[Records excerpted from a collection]
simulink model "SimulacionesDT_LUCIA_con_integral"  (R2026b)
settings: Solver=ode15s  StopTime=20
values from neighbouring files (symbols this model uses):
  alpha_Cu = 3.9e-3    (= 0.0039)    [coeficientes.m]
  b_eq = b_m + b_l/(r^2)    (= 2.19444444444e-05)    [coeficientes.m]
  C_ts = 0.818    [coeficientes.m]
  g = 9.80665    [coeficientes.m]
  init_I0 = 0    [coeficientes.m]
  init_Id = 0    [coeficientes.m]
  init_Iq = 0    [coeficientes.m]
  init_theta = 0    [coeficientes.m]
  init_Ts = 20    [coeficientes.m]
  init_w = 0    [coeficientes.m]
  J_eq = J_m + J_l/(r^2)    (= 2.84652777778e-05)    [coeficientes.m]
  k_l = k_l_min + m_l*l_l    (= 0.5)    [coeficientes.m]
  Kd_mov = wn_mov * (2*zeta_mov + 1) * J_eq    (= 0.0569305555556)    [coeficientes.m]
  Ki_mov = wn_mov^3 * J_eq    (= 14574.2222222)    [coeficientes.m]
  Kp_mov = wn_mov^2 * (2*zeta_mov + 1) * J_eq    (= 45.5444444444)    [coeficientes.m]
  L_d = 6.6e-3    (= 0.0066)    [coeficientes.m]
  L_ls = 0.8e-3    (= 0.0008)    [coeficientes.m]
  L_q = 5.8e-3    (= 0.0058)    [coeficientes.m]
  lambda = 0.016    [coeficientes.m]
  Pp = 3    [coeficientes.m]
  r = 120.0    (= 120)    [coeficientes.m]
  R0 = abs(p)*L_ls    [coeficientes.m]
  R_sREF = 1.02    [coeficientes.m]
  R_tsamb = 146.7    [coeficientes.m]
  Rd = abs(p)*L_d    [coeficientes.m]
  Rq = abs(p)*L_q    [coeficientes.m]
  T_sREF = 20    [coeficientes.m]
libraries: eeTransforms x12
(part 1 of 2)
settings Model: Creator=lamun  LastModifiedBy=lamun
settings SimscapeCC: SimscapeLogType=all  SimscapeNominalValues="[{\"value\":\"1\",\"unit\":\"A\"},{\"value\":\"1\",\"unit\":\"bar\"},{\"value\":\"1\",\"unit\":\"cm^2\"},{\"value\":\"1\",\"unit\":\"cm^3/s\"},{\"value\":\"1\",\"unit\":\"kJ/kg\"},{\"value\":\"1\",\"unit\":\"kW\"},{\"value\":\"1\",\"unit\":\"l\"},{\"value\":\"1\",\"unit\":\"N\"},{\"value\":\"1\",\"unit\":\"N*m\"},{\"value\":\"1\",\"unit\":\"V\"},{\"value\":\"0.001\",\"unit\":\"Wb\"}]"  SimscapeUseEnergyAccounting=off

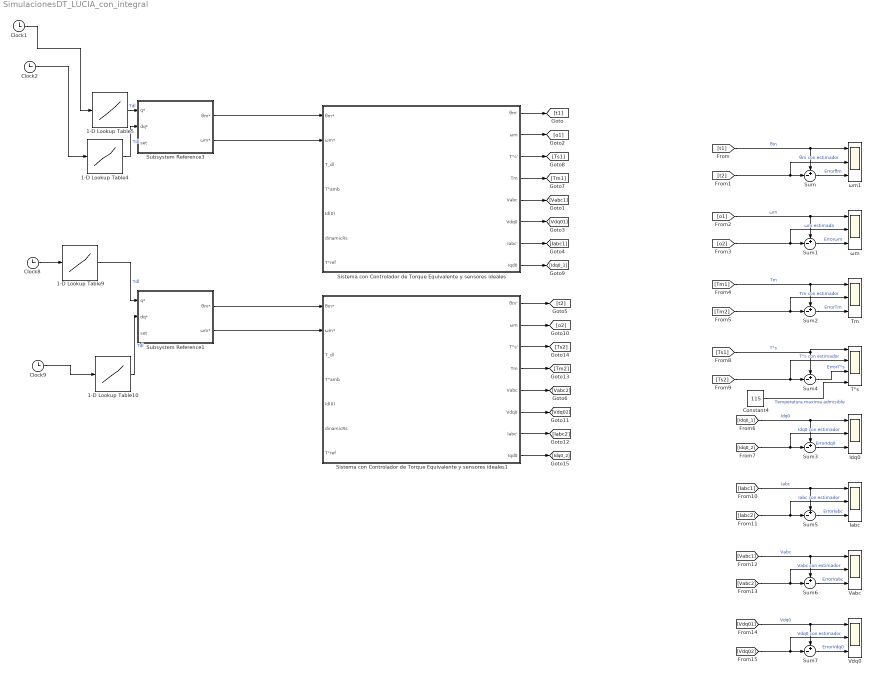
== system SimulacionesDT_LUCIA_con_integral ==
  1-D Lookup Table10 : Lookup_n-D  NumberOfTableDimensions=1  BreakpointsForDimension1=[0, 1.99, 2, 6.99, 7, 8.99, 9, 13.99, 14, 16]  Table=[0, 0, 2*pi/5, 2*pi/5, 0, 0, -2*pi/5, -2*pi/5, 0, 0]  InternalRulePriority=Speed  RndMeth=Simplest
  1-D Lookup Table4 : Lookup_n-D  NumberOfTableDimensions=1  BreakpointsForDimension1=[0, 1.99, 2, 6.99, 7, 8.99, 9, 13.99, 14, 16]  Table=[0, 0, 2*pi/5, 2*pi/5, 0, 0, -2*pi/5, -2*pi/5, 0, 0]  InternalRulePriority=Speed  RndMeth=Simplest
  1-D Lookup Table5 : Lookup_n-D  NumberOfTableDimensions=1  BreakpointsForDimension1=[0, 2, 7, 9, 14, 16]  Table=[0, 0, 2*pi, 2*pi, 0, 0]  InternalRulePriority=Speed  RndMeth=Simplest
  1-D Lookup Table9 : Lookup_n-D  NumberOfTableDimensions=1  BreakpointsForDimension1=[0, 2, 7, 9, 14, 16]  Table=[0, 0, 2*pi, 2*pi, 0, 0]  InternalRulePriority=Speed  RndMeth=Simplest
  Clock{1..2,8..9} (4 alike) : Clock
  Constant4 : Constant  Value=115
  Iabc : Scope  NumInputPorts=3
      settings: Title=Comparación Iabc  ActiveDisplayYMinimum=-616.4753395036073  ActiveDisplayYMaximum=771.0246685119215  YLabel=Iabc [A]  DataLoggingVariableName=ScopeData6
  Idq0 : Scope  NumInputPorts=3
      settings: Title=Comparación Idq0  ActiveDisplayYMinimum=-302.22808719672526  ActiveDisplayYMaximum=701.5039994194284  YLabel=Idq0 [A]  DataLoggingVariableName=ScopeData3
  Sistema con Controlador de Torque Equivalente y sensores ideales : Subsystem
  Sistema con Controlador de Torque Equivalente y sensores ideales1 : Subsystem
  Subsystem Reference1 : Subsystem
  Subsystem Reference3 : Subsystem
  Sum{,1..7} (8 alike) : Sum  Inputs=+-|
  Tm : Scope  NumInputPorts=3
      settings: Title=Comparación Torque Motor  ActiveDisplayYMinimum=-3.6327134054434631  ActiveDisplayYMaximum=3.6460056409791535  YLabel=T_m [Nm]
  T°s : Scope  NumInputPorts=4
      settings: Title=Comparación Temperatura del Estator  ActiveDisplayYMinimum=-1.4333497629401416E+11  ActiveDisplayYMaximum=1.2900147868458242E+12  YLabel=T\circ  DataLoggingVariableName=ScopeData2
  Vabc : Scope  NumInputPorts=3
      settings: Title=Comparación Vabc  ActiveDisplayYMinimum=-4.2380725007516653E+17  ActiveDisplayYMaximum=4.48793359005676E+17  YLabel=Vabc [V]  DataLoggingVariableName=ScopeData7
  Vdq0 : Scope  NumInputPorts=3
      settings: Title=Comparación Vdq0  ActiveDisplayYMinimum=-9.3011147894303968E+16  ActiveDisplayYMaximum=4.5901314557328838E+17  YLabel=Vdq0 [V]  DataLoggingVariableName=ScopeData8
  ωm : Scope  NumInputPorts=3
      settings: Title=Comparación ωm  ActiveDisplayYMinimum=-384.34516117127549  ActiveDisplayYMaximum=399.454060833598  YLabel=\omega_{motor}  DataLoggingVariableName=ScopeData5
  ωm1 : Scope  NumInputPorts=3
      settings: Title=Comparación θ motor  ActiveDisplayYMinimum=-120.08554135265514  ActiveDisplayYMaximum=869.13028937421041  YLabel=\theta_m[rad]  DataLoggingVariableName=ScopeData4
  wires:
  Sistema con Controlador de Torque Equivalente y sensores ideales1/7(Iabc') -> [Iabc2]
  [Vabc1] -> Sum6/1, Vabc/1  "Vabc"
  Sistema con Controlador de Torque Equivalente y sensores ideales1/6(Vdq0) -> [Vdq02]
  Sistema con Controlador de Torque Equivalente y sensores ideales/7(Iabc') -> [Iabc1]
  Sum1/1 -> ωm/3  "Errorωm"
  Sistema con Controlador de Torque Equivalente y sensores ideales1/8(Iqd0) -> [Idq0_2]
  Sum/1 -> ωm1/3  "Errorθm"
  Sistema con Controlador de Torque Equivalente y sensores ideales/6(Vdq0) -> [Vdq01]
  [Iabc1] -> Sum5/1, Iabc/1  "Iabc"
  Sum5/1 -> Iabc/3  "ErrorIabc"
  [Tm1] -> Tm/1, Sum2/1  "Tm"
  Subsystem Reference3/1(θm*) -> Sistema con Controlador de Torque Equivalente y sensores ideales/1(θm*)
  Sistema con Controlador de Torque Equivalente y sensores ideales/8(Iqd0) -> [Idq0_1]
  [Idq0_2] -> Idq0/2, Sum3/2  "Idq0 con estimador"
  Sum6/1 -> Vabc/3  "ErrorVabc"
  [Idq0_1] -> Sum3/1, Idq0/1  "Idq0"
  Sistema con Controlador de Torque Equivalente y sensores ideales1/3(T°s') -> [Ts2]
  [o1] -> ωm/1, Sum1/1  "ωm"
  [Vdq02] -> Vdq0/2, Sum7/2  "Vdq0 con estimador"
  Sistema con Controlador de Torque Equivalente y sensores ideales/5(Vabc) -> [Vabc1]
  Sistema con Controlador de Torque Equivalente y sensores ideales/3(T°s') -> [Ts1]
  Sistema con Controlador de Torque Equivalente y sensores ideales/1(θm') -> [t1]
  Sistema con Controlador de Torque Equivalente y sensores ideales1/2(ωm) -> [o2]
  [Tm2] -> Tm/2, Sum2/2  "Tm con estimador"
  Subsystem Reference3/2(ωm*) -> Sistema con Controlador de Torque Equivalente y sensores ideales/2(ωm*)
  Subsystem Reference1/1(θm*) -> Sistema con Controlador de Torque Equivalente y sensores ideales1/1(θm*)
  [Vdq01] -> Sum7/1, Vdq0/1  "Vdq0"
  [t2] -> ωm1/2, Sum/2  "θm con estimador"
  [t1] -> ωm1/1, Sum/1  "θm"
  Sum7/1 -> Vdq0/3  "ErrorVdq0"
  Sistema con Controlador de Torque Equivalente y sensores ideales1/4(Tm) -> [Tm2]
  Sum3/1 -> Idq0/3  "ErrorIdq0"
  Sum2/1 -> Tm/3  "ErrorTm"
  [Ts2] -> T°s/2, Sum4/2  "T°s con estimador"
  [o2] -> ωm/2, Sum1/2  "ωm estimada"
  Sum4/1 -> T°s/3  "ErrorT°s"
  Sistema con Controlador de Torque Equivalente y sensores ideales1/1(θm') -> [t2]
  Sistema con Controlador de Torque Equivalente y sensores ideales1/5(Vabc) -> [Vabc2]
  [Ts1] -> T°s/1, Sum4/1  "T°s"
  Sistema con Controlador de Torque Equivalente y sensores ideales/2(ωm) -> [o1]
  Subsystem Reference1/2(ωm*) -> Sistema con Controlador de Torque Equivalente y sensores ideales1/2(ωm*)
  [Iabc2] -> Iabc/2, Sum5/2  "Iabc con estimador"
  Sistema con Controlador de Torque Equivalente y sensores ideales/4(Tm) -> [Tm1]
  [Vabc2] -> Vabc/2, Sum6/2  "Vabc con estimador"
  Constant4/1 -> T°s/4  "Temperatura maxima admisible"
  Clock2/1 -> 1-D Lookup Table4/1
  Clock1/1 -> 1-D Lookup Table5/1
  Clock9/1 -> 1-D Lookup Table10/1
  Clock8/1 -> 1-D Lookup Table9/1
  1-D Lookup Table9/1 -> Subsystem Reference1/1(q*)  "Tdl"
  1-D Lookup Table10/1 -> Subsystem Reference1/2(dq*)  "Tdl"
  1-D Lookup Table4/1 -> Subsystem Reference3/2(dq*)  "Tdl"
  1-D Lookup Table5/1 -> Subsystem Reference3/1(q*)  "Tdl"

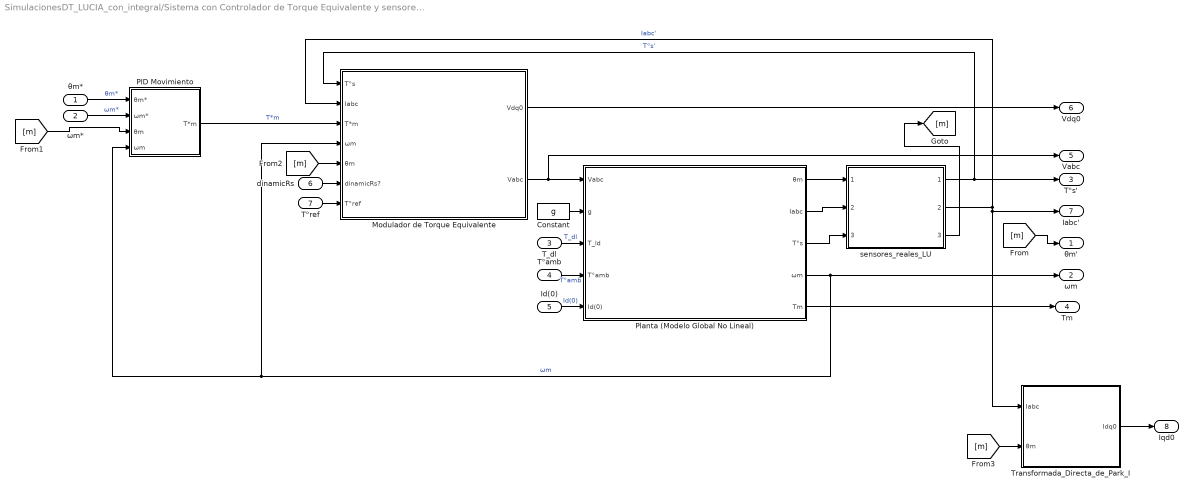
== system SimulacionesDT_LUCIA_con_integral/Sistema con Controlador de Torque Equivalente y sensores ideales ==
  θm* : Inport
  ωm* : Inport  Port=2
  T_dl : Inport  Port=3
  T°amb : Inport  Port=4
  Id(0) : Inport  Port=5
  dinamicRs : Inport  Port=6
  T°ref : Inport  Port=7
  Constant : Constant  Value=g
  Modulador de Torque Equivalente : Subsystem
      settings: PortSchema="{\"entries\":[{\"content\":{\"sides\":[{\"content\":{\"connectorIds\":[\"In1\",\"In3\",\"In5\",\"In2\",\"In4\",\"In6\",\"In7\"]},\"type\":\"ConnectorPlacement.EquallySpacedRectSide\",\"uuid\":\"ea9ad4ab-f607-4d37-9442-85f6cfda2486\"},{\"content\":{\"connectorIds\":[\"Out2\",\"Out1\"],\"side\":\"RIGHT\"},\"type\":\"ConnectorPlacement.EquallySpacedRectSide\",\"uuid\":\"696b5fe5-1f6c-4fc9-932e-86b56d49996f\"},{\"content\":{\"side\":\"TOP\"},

WORK REQUIRED
Nothing but the lines from the start of the data through the line holding "L_ls = 0.8e-3" should be restated, and each one exactly.

SOLUTION FOR THIS PROBLEM
simulink model "SimulacionesDT_LUCIA_con_integral"  (R2026b)
settings: Solver=ode15s  StopTime=20
values from neighbouring files (symbols this model uses):
  alpha_Cu = 3.9e-3    (= 0.0039)    [coeficientes.m]
  b_eq = b_m + b_l/(r^2)    (= 2.19444444444e-05)    [coeficientes.m]
  C_ts = 0.818    [coeficientes.m]
  g = 9.80665    [coeficientes.m]
  init_I0 = 0    [coeficientes.m]
  init_Id = 0    [coeficientes.m]
  init_Iq = 0    [coeficientes.m]
  init_theta = 0    [coeficientes.m]
  init_Ts = 20    [coeficientes.m]
  init_w = 0    [coeficientes.m]
  J_eq = J_m + J_l/(r^2)    (= 2.84652777778e-05)    [coeficientes.m]
  k_l = k_l_min + m_l*l_l    (= 0.5)    [coeficientes.m]
  Kd_mov = wn_mov * (2*zeta_mov + 1) * J_eq    (= 0.0569305555556)    [coeficientes.m]
  Ki_mov = wn_mov^3 * J_eq    (= 14574.2222222)    [coeficientes.m]
  Kp_mov = wn_mov^2 * (2*zeta_mov + 1) * J_eq    (= 45.5444444444)    [coeficientes.m]
  L_d = 6.6e-3    (= 0.0066)    [coeficientes.m]
  L_ls = 0.8e-3    (= 0.0008)    [coeficientes.m]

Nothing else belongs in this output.